Extracted data entries:
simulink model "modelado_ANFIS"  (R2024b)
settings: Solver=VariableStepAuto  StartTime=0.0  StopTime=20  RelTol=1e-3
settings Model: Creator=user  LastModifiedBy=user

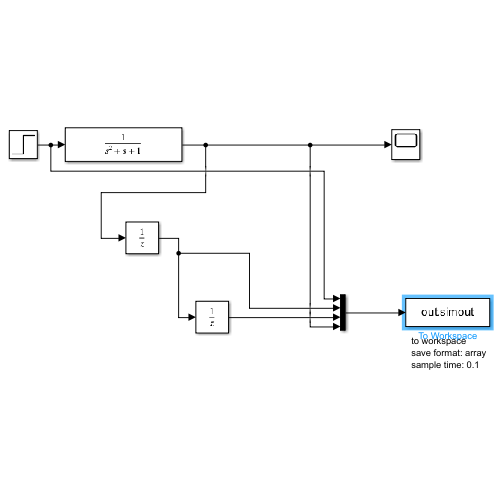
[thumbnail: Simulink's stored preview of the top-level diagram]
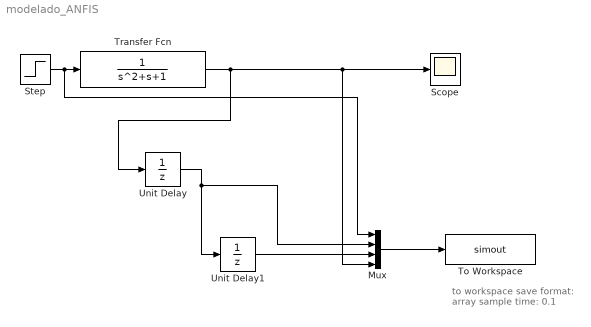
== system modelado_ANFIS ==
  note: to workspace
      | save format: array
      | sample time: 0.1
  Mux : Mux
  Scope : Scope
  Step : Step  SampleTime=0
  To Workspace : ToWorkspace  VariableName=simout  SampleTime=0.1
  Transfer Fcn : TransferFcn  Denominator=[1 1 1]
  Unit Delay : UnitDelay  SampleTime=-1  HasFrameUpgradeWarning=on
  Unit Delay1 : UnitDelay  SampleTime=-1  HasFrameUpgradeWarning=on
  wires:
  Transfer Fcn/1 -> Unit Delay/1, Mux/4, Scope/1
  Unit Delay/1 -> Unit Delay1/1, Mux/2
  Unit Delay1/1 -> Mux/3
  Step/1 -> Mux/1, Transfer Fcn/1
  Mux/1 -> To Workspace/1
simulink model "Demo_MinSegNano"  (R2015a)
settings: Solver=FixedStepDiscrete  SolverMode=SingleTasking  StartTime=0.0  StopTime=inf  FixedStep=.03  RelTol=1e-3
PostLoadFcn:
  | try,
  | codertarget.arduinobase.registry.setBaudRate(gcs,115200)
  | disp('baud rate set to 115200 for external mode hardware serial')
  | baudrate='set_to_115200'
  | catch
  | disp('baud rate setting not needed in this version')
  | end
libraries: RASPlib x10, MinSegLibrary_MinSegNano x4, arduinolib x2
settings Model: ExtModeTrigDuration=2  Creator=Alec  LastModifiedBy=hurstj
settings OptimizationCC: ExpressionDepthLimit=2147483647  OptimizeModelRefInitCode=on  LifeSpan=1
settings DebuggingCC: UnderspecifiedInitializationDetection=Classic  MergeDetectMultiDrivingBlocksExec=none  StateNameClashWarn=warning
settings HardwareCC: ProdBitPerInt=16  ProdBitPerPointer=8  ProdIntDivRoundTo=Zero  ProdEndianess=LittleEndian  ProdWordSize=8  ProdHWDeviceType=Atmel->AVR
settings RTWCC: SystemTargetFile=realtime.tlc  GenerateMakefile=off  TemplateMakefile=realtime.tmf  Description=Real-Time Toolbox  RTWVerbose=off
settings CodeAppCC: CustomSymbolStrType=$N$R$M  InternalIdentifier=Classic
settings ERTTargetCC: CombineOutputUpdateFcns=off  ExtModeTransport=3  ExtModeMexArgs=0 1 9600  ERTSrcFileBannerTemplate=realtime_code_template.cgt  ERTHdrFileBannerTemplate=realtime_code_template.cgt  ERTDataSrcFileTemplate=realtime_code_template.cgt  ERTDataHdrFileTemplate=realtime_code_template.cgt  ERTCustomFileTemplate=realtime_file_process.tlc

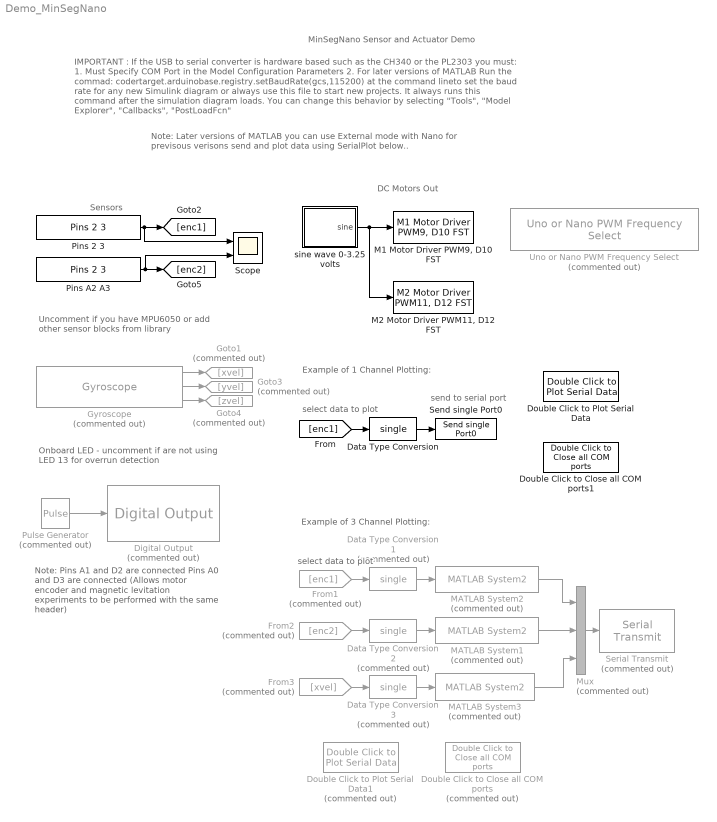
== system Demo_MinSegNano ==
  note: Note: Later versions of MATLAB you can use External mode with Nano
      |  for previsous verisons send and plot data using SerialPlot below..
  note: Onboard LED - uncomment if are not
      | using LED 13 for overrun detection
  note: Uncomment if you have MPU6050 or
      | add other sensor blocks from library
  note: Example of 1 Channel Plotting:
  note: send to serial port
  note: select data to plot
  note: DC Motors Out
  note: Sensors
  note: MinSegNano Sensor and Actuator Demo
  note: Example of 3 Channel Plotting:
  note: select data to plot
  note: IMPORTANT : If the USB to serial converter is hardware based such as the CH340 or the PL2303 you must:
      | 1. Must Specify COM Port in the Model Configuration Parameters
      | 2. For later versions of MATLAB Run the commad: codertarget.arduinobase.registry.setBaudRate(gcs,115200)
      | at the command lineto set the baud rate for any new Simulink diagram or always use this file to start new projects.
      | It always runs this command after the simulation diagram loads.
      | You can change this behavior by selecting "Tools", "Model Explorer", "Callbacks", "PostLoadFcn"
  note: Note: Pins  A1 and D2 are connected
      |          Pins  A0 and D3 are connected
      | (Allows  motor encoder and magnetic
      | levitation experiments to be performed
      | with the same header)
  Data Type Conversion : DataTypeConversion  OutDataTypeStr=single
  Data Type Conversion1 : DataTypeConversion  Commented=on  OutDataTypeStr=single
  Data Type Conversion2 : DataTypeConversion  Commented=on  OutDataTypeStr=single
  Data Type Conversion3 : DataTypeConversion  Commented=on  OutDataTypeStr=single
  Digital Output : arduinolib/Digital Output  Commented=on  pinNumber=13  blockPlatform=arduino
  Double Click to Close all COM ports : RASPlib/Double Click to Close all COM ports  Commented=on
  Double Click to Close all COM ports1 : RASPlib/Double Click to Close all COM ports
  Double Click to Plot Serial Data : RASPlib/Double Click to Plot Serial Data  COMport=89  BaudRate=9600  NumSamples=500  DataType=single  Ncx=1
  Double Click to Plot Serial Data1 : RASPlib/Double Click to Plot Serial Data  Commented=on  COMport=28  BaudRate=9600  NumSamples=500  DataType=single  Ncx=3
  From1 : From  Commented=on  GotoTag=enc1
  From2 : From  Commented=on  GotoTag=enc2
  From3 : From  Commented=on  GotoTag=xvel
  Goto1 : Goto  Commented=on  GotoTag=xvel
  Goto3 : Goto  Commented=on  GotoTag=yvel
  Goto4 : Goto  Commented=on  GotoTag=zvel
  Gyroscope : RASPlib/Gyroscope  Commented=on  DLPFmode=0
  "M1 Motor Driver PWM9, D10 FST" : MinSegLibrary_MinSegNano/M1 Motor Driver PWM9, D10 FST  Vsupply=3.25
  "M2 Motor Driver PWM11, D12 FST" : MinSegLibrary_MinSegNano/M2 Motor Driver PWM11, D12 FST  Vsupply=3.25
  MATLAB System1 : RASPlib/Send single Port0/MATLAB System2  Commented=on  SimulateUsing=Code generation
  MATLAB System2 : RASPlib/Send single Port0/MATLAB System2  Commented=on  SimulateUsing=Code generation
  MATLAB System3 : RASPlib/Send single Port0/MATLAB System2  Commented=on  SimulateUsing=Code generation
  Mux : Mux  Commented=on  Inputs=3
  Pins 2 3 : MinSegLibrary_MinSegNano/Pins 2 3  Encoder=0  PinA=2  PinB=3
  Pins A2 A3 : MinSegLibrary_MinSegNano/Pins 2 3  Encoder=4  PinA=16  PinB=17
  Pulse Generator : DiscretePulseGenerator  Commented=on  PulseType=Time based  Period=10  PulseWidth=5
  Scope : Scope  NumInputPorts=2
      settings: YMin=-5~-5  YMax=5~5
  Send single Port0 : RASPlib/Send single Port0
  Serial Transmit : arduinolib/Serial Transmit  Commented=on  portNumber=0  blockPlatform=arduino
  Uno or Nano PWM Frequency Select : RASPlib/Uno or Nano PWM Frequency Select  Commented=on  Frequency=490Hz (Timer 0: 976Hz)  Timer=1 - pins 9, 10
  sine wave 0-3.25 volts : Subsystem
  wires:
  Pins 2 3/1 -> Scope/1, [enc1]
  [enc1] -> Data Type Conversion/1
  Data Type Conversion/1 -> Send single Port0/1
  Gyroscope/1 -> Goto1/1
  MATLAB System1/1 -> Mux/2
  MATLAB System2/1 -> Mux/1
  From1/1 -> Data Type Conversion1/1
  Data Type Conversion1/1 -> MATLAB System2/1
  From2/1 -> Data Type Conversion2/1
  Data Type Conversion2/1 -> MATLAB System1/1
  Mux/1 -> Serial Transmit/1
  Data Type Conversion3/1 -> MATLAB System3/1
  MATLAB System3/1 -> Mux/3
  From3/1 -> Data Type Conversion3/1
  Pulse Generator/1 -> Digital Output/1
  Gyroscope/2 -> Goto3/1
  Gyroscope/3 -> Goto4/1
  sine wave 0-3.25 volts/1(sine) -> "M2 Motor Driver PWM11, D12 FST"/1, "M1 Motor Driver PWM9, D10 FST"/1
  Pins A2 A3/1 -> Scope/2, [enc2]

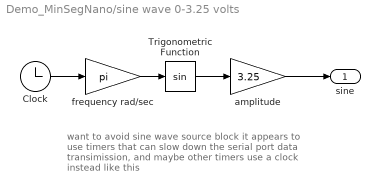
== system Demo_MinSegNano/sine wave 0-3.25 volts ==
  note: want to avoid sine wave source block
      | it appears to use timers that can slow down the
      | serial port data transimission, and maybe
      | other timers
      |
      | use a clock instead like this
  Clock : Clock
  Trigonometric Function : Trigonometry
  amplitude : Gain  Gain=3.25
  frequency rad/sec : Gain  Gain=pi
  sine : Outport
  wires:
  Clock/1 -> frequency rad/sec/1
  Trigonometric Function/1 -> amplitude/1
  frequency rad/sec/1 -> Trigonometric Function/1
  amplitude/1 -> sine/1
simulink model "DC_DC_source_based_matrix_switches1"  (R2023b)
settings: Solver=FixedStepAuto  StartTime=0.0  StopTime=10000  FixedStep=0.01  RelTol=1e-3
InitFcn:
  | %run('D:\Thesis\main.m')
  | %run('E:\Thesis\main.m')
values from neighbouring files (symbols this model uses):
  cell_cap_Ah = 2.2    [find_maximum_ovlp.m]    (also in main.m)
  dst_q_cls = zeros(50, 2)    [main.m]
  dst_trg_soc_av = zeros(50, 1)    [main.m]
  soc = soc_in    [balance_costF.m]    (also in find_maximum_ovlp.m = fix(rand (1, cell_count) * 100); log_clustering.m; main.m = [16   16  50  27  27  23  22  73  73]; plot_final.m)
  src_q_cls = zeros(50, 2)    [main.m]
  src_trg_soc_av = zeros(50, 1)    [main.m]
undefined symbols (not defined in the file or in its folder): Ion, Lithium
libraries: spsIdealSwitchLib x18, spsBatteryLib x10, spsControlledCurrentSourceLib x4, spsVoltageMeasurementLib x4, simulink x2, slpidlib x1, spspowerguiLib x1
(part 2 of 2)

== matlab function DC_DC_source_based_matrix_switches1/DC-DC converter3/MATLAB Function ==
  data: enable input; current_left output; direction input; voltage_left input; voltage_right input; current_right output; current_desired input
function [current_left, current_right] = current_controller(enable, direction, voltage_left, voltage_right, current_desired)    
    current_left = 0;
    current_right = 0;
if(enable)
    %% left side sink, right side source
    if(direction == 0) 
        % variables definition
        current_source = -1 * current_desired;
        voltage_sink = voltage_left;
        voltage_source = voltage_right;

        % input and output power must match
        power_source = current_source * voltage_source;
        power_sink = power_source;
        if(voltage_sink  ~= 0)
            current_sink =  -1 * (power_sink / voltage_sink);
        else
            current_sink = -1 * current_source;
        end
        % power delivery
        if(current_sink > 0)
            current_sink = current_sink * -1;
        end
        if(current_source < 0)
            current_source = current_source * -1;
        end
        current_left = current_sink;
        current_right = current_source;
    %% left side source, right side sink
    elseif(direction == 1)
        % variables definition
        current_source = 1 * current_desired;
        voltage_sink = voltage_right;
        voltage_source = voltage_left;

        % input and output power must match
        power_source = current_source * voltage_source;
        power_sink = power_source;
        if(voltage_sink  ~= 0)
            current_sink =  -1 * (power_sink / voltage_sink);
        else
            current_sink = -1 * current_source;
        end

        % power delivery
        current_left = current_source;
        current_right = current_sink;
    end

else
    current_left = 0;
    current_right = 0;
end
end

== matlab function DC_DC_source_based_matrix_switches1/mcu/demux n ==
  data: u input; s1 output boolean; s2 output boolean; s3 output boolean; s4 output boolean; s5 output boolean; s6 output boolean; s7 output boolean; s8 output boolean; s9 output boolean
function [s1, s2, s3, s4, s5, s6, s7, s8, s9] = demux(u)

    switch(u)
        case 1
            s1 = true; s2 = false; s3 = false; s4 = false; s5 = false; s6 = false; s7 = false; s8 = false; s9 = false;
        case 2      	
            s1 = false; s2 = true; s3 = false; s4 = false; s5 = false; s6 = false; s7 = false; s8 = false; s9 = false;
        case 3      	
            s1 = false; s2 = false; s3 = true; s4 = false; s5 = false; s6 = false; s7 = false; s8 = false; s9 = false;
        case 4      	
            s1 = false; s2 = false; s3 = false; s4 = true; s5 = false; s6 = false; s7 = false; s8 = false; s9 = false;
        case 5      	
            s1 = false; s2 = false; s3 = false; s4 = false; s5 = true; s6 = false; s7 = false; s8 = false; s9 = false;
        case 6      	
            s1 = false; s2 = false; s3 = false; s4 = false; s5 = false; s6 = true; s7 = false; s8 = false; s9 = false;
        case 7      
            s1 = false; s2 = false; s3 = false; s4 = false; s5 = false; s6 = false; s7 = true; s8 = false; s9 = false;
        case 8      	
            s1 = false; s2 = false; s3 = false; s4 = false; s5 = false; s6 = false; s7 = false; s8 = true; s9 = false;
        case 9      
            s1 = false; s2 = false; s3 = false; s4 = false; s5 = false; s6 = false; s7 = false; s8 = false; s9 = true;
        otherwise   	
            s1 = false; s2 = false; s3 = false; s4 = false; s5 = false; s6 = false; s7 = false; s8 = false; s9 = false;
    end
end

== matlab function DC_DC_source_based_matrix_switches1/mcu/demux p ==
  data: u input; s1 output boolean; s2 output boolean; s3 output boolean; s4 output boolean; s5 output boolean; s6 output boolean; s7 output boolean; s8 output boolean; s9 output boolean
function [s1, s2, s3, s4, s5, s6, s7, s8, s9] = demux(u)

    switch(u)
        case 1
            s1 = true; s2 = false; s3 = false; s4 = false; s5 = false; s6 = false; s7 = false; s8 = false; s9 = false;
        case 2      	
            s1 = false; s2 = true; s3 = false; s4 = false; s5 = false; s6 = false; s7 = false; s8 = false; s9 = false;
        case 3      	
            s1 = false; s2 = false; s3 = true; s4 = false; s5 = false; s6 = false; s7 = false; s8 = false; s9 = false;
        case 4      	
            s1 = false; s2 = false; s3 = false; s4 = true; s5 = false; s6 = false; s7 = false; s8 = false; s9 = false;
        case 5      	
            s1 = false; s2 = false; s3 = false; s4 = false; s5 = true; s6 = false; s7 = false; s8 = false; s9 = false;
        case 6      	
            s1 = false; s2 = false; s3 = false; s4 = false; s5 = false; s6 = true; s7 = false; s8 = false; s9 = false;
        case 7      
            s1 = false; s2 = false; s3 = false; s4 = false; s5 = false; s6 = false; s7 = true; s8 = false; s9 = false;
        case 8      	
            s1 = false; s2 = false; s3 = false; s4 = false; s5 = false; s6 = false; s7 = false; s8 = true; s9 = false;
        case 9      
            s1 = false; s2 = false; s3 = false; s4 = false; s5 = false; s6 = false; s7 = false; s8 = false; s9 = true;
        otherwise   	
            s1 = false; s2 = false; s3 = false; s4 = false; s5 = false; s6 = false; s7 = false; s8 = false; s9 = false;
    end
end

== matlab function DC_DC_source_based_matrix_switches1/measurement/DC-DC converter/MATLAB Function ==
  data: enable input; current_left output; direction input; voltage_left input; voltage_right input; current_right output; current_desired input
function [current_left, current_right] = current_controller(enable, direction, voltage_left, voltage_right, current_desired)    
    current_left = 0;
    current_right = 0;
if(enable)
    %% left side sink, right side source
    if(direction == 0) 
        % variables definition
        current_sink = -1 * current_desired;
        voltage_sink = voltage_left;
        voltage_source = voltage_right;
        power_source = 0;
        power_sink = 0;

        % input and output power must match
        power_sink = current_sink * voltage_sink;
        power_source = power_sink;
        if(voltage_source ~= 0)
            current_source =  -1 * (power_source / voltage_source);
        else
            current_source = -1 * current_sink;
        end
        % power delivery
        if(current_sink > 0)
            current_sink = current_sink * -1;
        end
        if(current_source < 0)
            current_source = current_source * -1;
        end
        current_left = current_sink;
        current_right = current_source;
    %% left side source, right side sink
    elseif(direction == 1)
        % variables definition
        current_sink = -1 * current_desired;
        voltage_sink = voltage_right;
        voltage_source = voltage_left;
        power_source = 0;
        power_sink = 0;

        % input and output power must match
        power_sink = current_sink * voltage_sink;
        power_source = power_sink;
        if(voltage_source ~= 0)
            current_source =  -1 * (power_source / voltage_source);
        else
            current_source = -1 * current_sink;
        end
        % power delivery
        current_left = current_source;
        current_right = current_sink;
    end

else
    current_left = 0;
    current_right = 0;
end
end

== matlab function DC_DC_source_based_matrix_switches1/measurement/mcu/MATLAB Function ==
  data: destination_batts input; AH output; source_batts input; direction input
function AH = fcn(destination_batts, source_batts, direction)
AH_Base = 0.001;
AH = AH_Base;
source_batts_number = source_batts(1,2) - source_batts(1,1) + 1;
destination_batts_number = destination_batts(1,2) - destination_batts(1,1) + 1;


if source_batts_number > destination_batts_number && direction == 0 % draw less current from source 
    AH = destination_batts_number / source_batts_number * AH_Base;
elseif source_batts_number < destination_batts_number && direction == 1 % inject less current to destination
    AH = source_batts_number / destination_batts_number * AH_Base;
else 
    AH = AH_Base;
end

_REQUIRED ACTION_
The answer must consist only of the lines from the beginning of the entries above through the line that holds "settings ERTTargetCC: CombineOutputUpdateFcns=off", reproduced exactly and without pictures.

_RESPONSE TO THE EXERCISE_
simulink model "modelado_ANFIS"  (R2024b)
settings: Solver=VariableStepAuto  StartTime=0.0  StopTime=20  RelTol=1e-3
settings Model: Creator=user  LastModifiedBy=user

[thumbnail: Simulink's stored preview of the top-level diagram]
== system modelado_ANFIS ==
  note: to workspace
      | save format: array
      | sample time: 0.1
  Mux : Mux
  Scope : Scope
  Step : Step  SampleTime=0
  To Workspace : ToWorkspace  VariableName=simout  SampleTime=0.1
  Transfer Fcn : TransferFcn  Denominator=[1 1 1]
  Unit Delay : UnitDelay  SampleTime=-1  HasFrameUpgradeWarning=on
  Unit Delay1 : UnitDelay  SampleTime=-1  HasFrameUpgradeWarning=on
  wires:
  Transfer Fcn/1 -> Unit Delay/1, Mux/4, Scope/1
  Unit Delay/1 -> Unit Delay1/1, Mux/2
  Unit Delay1/1 -> Mux/3
  Step/1 -> Mux/1, Transfer Fcn/1
  Mux/1 -> To Workspace/1
simulink model "Demo_MinSegNano"  (R2015a)
settings: Solver=FixedStepDiscrete  SolverMode=SingleTasking  StartTime=0.0  StopTime=inf  FixedStep=.03  RelTol=1e-3
PostLoadFcn:
  | try,
  | codertarget.arduinobase.registry.setBaudRate(gcs,115200)
  | disp('baud rate set to 115200 for external mode hardware serial')
  | baudrate='set_to_115200'
  | catch
  | disp('baud rate setting not needed in this version')
  | end
libraries: RASPlib x10, MinSegLibrary_MinSegNano x4, arduinolib x2
settings Model: ExtModeTrigDuration=2  Creator=Alec  LastModifiedBy=hurstj
settings OptimizationCC: ExpressionDepthLimit=2147483647  OptimizeModelRefInitCode=on  LifeSpan=1
settings DebuggingCC: UnderspecifiedInitializationDetection=Classic  MergeDetectMultiDrivingBlocksExec=none  StateNameClashWarn=warning
settings HardwareCC: ProdBitPerInt=16  ProdBitPerPointer=8  ProdIntDivRoundTo=Zero  ProdEndianess=LittleEndian  ProdWordSize=8  ProdHWDeviceType=Atmel->AVR
settings RTWCC: SystemTargetFile=realtime.tlc  GenerateMakefile=off  TemplateMakefile=realtime.tmf  Description=Real-Time Toolbox  RTWVerbose=off
settings CodeAppCC: CustomSymbolStrType=$N$R$M  InternalIdentifier=Classic
settings ERTTargetCC: CombineOutputUpdateFcns=off  ExtModeTransport=3  ExtModeMexArgs=0 1 9600  ERTSrcFileBannerTemplate=realtime_code_template.cgt  ERTHdrFileBannerTemplate=realtime_code_template.cgt  ERTDataSrcFileTemplate=realtime_code_template.cgt  ERTDataHdrFileTemplate=realtime_code_template.cgt  ERTCustomFileTemplate=realtime_file_process.tlc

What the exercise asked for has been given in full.